Data for review below:
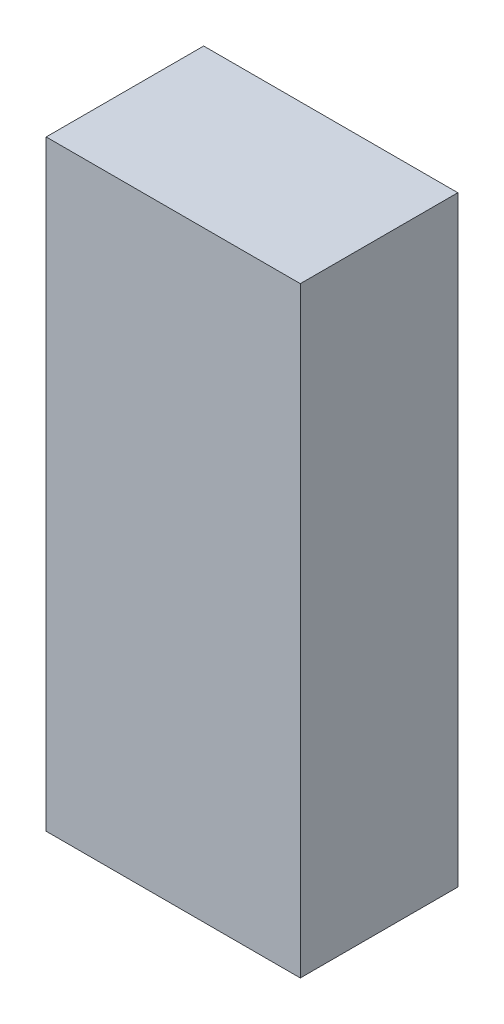
ISO-10303-21;
HEADER;
FILE_DESCRIPTION(('STEP AP214'),'2;1');
FILE_NAME('part.step','',(''),(''),'','','');
FILE_SCHEMA(('AUTOMOTIVE_DESIGN { 1 0 10303 214 1 1 1 1 }'));
ENDSEC;
DATA;
#1=APPLICATION_CONTEXT('core data for automotive mechanical design processes');
#2=APPLICATION_PROTOCOL_DEFINITION('international standard','automotive_design',2000,#1);
#3=PRODUCT_CONTEXT('',#1,'mechanical');
#4=PRODUCT('Part','Part','',(#3));
#5=PRODUCT_RELATED_PRODUCT_CATEGORY('part','',(#4));
#6=PRODUCT_DEFINITION_FORMATION('','',#4);
#7=PRODUCT_DEFINITION_CONTEXT('part definition',#1,'design');
#8=PRODUCT_DEFINITION('design','',#6,#7);
#9=PRODUCT_DEFINITION_SHAPE('','',#8);
#10=(LENGTH_UNIT() NAMED_UNIT(*) SI_UNIT(.MILLI.,.METRE.));
#11=(NAMED_UNIT(*) PLANE_ANGLE_UNIT() SI_UNIT($,.RADIAN.));
#12=(NAMED_UNIT(*) SI_UNIT($,.STERADIAN.) SOLID_ANGLE_UNIT());
#13=UNCERTAINTY_MEASURE_WITH_UNIT(LENGTH_MEASURE(1.E-05),#10,'distance_accuracy_value','');
#14=(GEOMETRIC_REPRESENTATION_CONTEXT(3) GLOBAL_UNCERTAINTY_ASSIGNED_CONTEXT((#13)) GLOBAL_UNIT_ASSIGNED_CONTEXT((#10,
#11,#12)) REPRESENTATION_CONTEXT('',''));
#15=CARTESIAN_POINT('',(0.,0.,0.));
#16=DIRECTION('',(0.,0.,1.));
#17=DIRECTION('',(1.,0.,0.));
#18=AXIS2_PLACEMENT_3D('',#15,#16,#17);
#19=CARTESIAN_POINT('',(-450.85,2133.6,-279.4));
#20=DIRECTION('',(0.,0.,1.));
#21=DIRECTION('',(1.,0.,0.));
#22=AXIS2_PLACEMENT_3D('',#19,#20,#21);
#23=PLANE('',#22);
#24=DIRECTION('',(-1.,0.,0.));
#25=VECTOR('',#24,1.);
#26=CARTESIAN_POINT('',(-450.85,0.,-279.4));
#27=LINE('',#26,#25);
#28=CARTESIAN_POINT('',(450.85,0.,-279.4));
#29=VERTEX_POINT('',#28);
#30=CARTESIAN_POINT('',(-450.85,0.,-279.4));
#31=VERTEX_POINT('',#30);
#32=EDGE_CURVE('E157',#29,#31,#27,.T.);
#33=ORIENTED_EDGE('',*,*,#32,.T.);
#34=DIRECTION('',(0.,-1.,0.));
#35=VECTOR('',#34,1.);
#36=CARTESIAN_POINT('',(-450.85,2133.6,-279.4));
#37=LINE('',#36,#35);
#38=CARTESIAN_POINT('',(-450.85,2133.6,-279.4));
#39=VERTEX_POINT('',#38);
#40=EDGE_CURVE('E42',#39,#31,#37,.T.);
#41=ORIENTED_EDGE('',*,*,#40,.F.);
#42=DIRECTION('',(-1.,0.,0.));
#43=VECTOR('',#42,1.);
#44=CARTESIAN_POINT('',(-450.85,2133.6,-279.4));
#45=LINE('',#44,#43);
#46=CARTESIAN_POINT('',(450.85,2133.6,-279.4));
#47=VERTEX_POINT('',#46);
#48=EDGE_CURVE('E86',#47,#39,#45,.T.);
#49=ORIENTED_EDGE('',*,*,#48,.F.);
#50=DIRECTION('',(0.,-1.,0.));
#51=VECTOR('',#50,1.);
#52=CARTESIAN_POINT('',(450.85,2133.6,-279.4));
#53=LINE('',#52,#51);
#54=EDGE_CURVE('E11',#47,#29,#53,.T.);
#55=ORIENTED_EDGE('',*,*,#54,.T.);
#56=EDGE_LOOP('',(#33,#41,#49,#55));
#57=FACE_BOUND('',#56,.T.);
#58=DIRECTION('',(-1.,0.,0.));
#59=VECTOR('',#58,1.);
#60=CARTESIAN_POINT('',(0.,3.175,-279.4));
#61=LINE('',#60,#59);
#62=CARTESIAN_POINT('',(447.675,3.175,-279.4));
#63=VERTEX_POINT('',#62);
#64=CARTESIAN_POINT('',(-447.675,3.175,-279.4));
#65=VERTEX_POINT('',#64);
#66=EDGE_CURVE('E130',#63,#65,#61,.T.);
#67=ORIENTED_EDGE('',*,*,#66,.F.);
#68=DIRECTION('',(0.,-1.,0.));
#69=VECTOR('',#68,1.);
#70=CARTESIAN_POINT('',(447.675,2133.6,-279.4));
#71=LINE('',#70,#69);
#72=CARTESIAN_POINT('',(447.675,2130.425,-279.4));
#73=VERTEX_POINT('',#72);
#74=EDGE_CURVE('E129',#73,#63,#71,.T.);
#75=ORIENTED_EDGE('',*,*,#74,.F.);
#76=DIRECTION('',(-1.,0.,0.));
#77=VECTOR('',#76,1.);
#78=CARTESIAN_POINT('',(0.,2130.425,-279.4));
#79=LINE('',#78,#77);
#80=CARTESIAN_POINT('',(-447.675,2130.425,-279.4));
#81=VERTEX_POINT('',#80);
#82=EDGE_CURVE('E134',#73,#81,#79,.T.);
#83=ORIENTED_EDGE('',*,*,#82,.T.);
#84=DIRECTION('',(0.,-1.,0.));
#85=VECTOR('',#84,1.);
#86=CARTESIAN_POINT('',(-447.675,2133.6,-279.4));
#87=LINE('',#86,#85);
#88=EDGE_CURVE('E139',#81,#65,#87,.T.);
#89=ORIENTED_EDGE('',*,*,#88,.T.);
#90=EDGE_LOOP('',(#67,#75,#83,#89));
#91=FACE_BOUND('',#90,.T.);
#92=ADVANCED_FACE('F34',(#57,#91),#23,.F.);
#93=CARTESIAN_POINT('',(450.85,2133.6,279.4));
#94=DIRECTION('',(-1.,0.,0.));
#95=DIRECTION('',(0.,0.,1.));
#96=AXIS2_PLACEMENT_3D('',#93,#94,#95);
#97=PLANE('',#96);
#98=DIRECTION('',(0.,0.,-1.));
#99=VECTOR('',#98,1.);
#100=CARTESIAN_POINT('',(450.85,0.,279.4));
#101=LINE('',#100,#99);
#102=CARTESIAN_POINT('',(450.85,0.,279.4));
#103=VERTEX_POINT('',#102);
#104=EDGE_CURVE('E142',#103,#29,#101,.T.);
#105=ORIENTED_EDGE('',*,*,#104,.T.);
#106=ORIENTED_EDGE('',*,*,#54,.F.);
#107=DIRECTION('',(0.,0.,-1.));
#108=VECTOR('',#107,1.);
#109=CARTESIAN_POINT('',(450.85,2133.6,279.4));
#110=LINE('',#109,#108);
#111=CARTESIAN_POINT('',(450.85,2133.6,279.4));
#112=VERTEX_POINT('',#111);
#113=EDGE_CURVE('E148',#112,#47,#110,.T.);
#114=ORIENTED_EDGE('',*,*,#113,.F.);
#115=DIRECTION('',(0.,-1.,0.));
#116=VECTOR('',#115,1.);
#117=CARTESIAN_POINT('',(450.85,2133.6,279.4));
#118=LINE('',#117,#116);
#119=EDGE_CURVE('E154',#112,#103,#118,.T.);
#120=ORIENTED_EDGE('',*,*,#119,.T.);
#121=EDGE_LOOP('',(#105,#106,#114,#120));
#122=FACE_BOUND('',#121,.T.);
#123=ADVANCED_FACE('F36',(#122),#97,.F.);
#124=CARTESIAN_POINT('',(-450.85,2133.6,279.4));
#125=DIRECTION('',(1.,0.,0.));
#126=DIRECTION('',(0.,0.,-1.));
#127=AXIS2_PLACEMENT_3D('',#124,#125,#126);
#128=PLANE('',#127);
#129=DIRECTION('',(0.,0.,1.));
#130=VECTOR('',#129,1.);
#131=CARTESIAN_POINT('',(-450.85,0.,279.4));
#132=LINE('',#131,#130);
#133=CARTESIAN_POINT('',(-450.85,0.,279.4));
#134=VERTEX_POINT('',#133);
#135=EDGE_CURVE('E159',#31,#134,#132,.T.);
#136=ORIENTED_EDGE('',*,*,#135,.T.);
#137=DIRECTION('',(0.,-1.,0.));
#138=VECTOR('',#137,1.);
#139=CARTESIAN_POINT('',(-450.85,2133.6,279.4));
#140=LINE('',#139,#138);
#141=CARTESIAN_POINT('',(-450.85,2133.6,279.4));
#142=VERTEX_POINT('',#141);
#143=EDGE_CURVE('E163',#142,#134,#140,.T.);
#144=ORIENTED_EDGE('',*,*,#143,.F.);
#145=DIRECTION('',(0.,0.,1.));
#146=VECTOR('',#145,1.);
#147=CARTESIAN_POINT('',(-450.85,2133.6,279.4));
#148=LINE('',#147,#146);
#149=EDGE_CURVE('E151',#39,#142,#148,.T.);
#150=ORIENTED_EDGE('',*,*,#149,.F.);
#151=ORIENTED_EDGE('',*,*,#40,.T.);
#152=EDGE_LOOP('',(#136,#144,#150,#151));
#153=FACE_BOUND('',#152,.T.);
#154=ADVANCED_FACE('F168',(#153),#128,.F.);
#155=CARTESIAN_POINT('',(-450.85,2133.6,279.4));
#156=DIRECTION('',(0.,0.,-1.));
#157=DIRECTION('',(-1.,0.,0.));
#158=AXIS2_PLACEMENT_3D('',#155,#156,#157);
#159=PLANE('',#158);
#160=DIRECTION('',(1.,0.,0.));
#161=VECTOR('',#160,1.);
#162=CARTESIAN_POINT('',(-450.85,0.,279.4));
#163=LINE('',#162,#161);
#164=EDGE_CURVE('E79',#134,#103,#163,.T.);
#165=ORIENTED_EDGE('',*,*,#164,.T.);
#166=ORIENTED_EDGE('',*,*,#119,.F.);
#167=DIRECTION('',(1.,0.,0.));
#168=VECTOR('',#167,1.);
#169=CARTESIAN_POINT('',(-450.85,2133.6,279.4));
#170=LINE('',#169,#168);
#171=EDGE_CURVE('E58',#142,#112,#170,.T.);
#172=ORIENTED_EDGE('',*,*,#171,.F.);
#173=ORIENTED_EDGE('',*,*,#143,.T.);
#174=EDGE_LOOP('',(#165,#166,#172,#173));
#175=FACE_BOUND('',#174,.T.);
#176=ADVANCED_FACE('F176',(#175),#159,.F.);
#177=CARTESIAN_POINT('',(0.,2133.6,0.));
#178=DIRECTION('',(0.,-1.,0.));
#179=DIRECTION('',(0.,0.,-1.));
#180=AXIS2_PLACEMENT_3D('',#177,#178,#179);
#181=PLANE('',#180);
#182=ORIENTED_EDGE('',*,*,#113,.T.);
#183=ORIENTED_EDGE('',*,*,#48,.T.);
#184=ORIENTED_EDGE('',*,*,#149,.T.);
#185=ORIENTED_EDGE('',*,*,#171,.T.);
#186=EDGE_LOOP('',(#182,#183,#184,#185));
#187=FACE_BOUND('',#186,.T.);
#188=ADVANCED_FACE('F178',(#187),#181,.F.);
#189=CARTESIAN_POINT('',(0.,0.,0.));
#190=DIRECTION('',(0.,-1.,0.));
#191=DIRECTION('',(0.,0.,-1.));
#192=AXIS2_PLACEMENT_3D('',#189,#190,#191);
#193=PLANE('',#192);
#194=ORIENTED_EDGE('',*,*,#104,.F.);
#195=ORIENTED_EDGE('',*,*,#164,.F.);
#196=ORIENTED_EDGE('',*,*,#135,.F.);
#197=ORIENTED_EDGE('',*,*,#32,.F.);
#198=EDGE_LOOP('',(#194,#195,#196,#197));
#199=FACE_BOUND('',#198,.T.);
#200=ADVANCED_FACE('F172',(#199),#193,.T.);
#201=CARTESIAN_POINT('',(447.675,2133.6,279.4));
#202=DIRECTION('',(-1.,0.,0.));
#203=DIRECTION('',(0.,0.,1.));
#204=AXIS2_PLACEMENT_3D('',#201,#202,#203);
#205=PLANE('',#204);
#206=DIRECTION('',(0.,0.,-1.));
#207=VECTOR('',#206,1.);
#208=CARTESIAN_POINT('',(447.675,3.175,0.));
#209=LINE('',#208,#207);
#210=CARTESIAN_POINT('',(447.675,3.175,276.225));
#211=VERTEX_POINT('',#210);
#212=EDGE_CURVE('E113',#211,#63,#209,.T.);
#213=ORIENTED_EDGE('',*,*,#212,.F.);
#214=DIRECTION('',(0.,-1.,0.));
#215=VECTOR('',#214,1.);
#216=CARTESIAN_POINT('',(447.675,2133.6,276.225));
#217=LINE('',#216,#215);
#218=CARTESIAN_POINT('',(447.675,2130.425,276.225));
#219=VERTEX_POINT('',#218);
#220=EDGE_CURVE('E121',#219,#211,#217,.T.);
#221=ORIENTED_EDGE('',*,*,#220,.F.);
#222=DIRECTION('',(0.,0.,-1.));
#223=VECTOR('',#222,1.);
#224=CARTESIAN_POINT('',(447.675,2130.425,0.));
#225=LINE('',#224,#223);
#226=EDGE_CURVE('E49',#219,#73,#225,.T.);
#227=ORIENTED_EDGE('',*,*,#226,.T.);
#228=ORIENTED_EDGE('',*,*,#74,.T.);
#229=EDGE_LOOP('',(#213,#221,#227,#228));
#230=FACE_BOUND('',#229,.T.);
#231=ADVANCED_FACE('F127',(#230),#205,.T.);
#232=CARTESIAN_POINT('',(-447.675,2133.6,279.4));
#233=DIRECTION('',(1.,0.,0.));
#234=DIRECTION('',(0.,0.,-1.));
#235=AXIS2_PLACEMENT_3D('',#232,#233,#234);
#236=PLANE('',#235);
#237=DIRECTION('',(0.,0.,1.));
#238=VECTOR('',#237,1.);
#239=CARTESIAN_POINT('',(-447.675,3.175,0.));
#240=LINE('',#239,#238);
#241=CARTESIAN_POINT('',(-447.675,3.175,276.225));
#242=VERTEX_POINT('',#241);
#243=EDGE_CURVE('E116',#65,#242,#240,.T.);
#244=ORIENTED_EDGE('',*,*,#243,.F.);
#245=ORIENTED_EDGE('',*,*,#88,.F.);
#246=DIRECTION('',(0.,0.,1.));
#247=VECTOR('',#246,1.);
#248=CARTESIAN_POINT('',(-447.675,2130.425,0.));
#249=LINE('',#248,#247);
#250=CARTESIAN_POINT('',(-447.675,2130.425,276.225));
#251=VERTEX_POINT('',#250);
#252=EDGE_CURVE('E137',#81,#251,#249,.T.);
#253=ORIENTED_EDGE('',*,*,#252,.T.);
#254=DIRECTION('',(0.,-1.,0.));
#255=VECTOR('',#254,1.);
#256=CARTESIAN_POINT('',(-447.675,2133.6,276.225));
#257=LINE('',#256,#255);
#258=EDGE_CURVE('E125',#251,#242,#257,.T.);
#259=ORIENTED_EDGE('',*,*,#258,.T.);
#260=EDGE_LOOP('',(#244,#245,#253,#259));
#261=FACE_BOUND('',#260,.T.);
#262=ADVANCED_FACE('F195',(#261),#236,.T.);
#263=CARTESIAN_POINT('',(-450.85,2133.6,276.225));
#264=DIRECTION('',(0.,0.,-1.));
#265=DIRECTION('',(-1.,0.,0.));
#266=AXIS2_PLACEMENT_3D('',#263,#264,#265);
#267=PLANE('',#266);
#268=DIRECTION('',(1.,0.,0.));
#269=VECTOR('',#268,1.);
#270=CARTESIAN_POINT('',(0.,3.175,276.225));
#271=LINE('',#270,#269);
#272=EDGE_CURVE('E109',#242,#211,#271,.T.);
#273=ORIENTED_EDGE('',*,*,#272,.F.);
#274=ORIENTED_EDGE('',*,*,#258,.F.);
#275=DIRECTION('',(1.,0.,0.));
#276=VECTOR('',#275,1.);
#277=CARTESIAN_POINT('',(0.,2130.425,276.225));
#278=LINE('',#277,#276);
#279=EDGE_CURVE('E124',#251,#219,#278,.T.);
#280=ORIENTED_EDGE('',*,*,#279,.T.);
#281=ORIENTED_EDGE('',*,*,#220,.T.);
#282=EDGE_LOOP('',(#273,#274,#280,#281));
#283=FACE_BOUND('',#282,.T.);
#284=ADVANCED_FACE('F122',(#283),#267,.T.);
#285=CARTESIAN_POINT('',(0.,2130.425,0.));
#286=DIRECTION('',(0.,-1.,0.));
#287=DIRECTION('',(0.,0.,-1.));
#288=AXIS2_PLACEMENT_3D('',#285,#286,#287);
#289=PLANE('',#288);
#290=ORIENTED_EDGE('',*,*,#226,.F.);
#291=ORIENTED_EDGE('',*,*,#279,.F.);
#292=ORIENTED_EDGE('',*,*,#252,.F.);
#293=ORIENTED_EDGE('',*,*,#82,.F.);
#294=EDGE_LOOP('',(#290,#291,#292,#293));
#295=FACE_BOUND('',#294,.T.);
#296=ADVANCED_FACE('F198',(#295),#289,.T.);
#297=CARTESIAN_POINT('',(0.,3.175,0.));
#298=DIRECTION('',(0.,-1.,0.));
#299=DIRECTION('',(0.,0.,-1.));
#300=AXIS2_PLACEMENT_3D('',#297,#298,#299);
#301=PLANE('',#300);
#302=ORIENTED_EDGE('',*,*,#212,.T.);
#303=ORIENTED_EDGE('',*,*,#66,.T.);
#304=ORIENTED_EDGE('',*,*,#243,.T.);
#305=ORIENTED_EDGE('',*,*,#272,.T.);
#306=EDGE_LOOP('',(#302,#303,#304,#305));
#307=FACE_BOUND('',#306,.T.);
#308=ADVANCED_FACE('F111',(#307),#301,.F.);
#309=CLOSED_SHELL('',(#92,#123,#154,#176,#188,#200,#231,#262,#284,#296,#308));
#310=MANIFOLD_SOLID_BREP('B2',#309);
#311=ADVANCED_BREP_SHAPE_REPRESENTATION('',(#18,#310),#14);
#312=SHAPE_DEFINITION_REPRESENTATION(#9,#311);
ENDSEC;
END-ISO-10303-21;
End of Data for review.
> _Aim of the task_
Start with the line above that contains "#189=CARTESIAN_POINT('',(0.,0.,0.));" and stop after the line that contains "#195=ORIENTED_EDGE('',*,*,#164,.F.);". Output those lines exactly, and only those.

> _Output of the task_
#189=CARTESIAN_POINT('',(0.,0.,0.));
#190=DIRECTION('',(0.,-1.,0.));
#191=DIRECTION('',(0.,0.,-1.));
#192=AXIS2_PLACEMENT_3D('',#189,#190,#191);
#193=PLANE('',#192);
#194=ORIENTED_EDGE('',*,*,#104,.F.);
#195=ORIENTED_EDGE('',*,*,#164,.F.);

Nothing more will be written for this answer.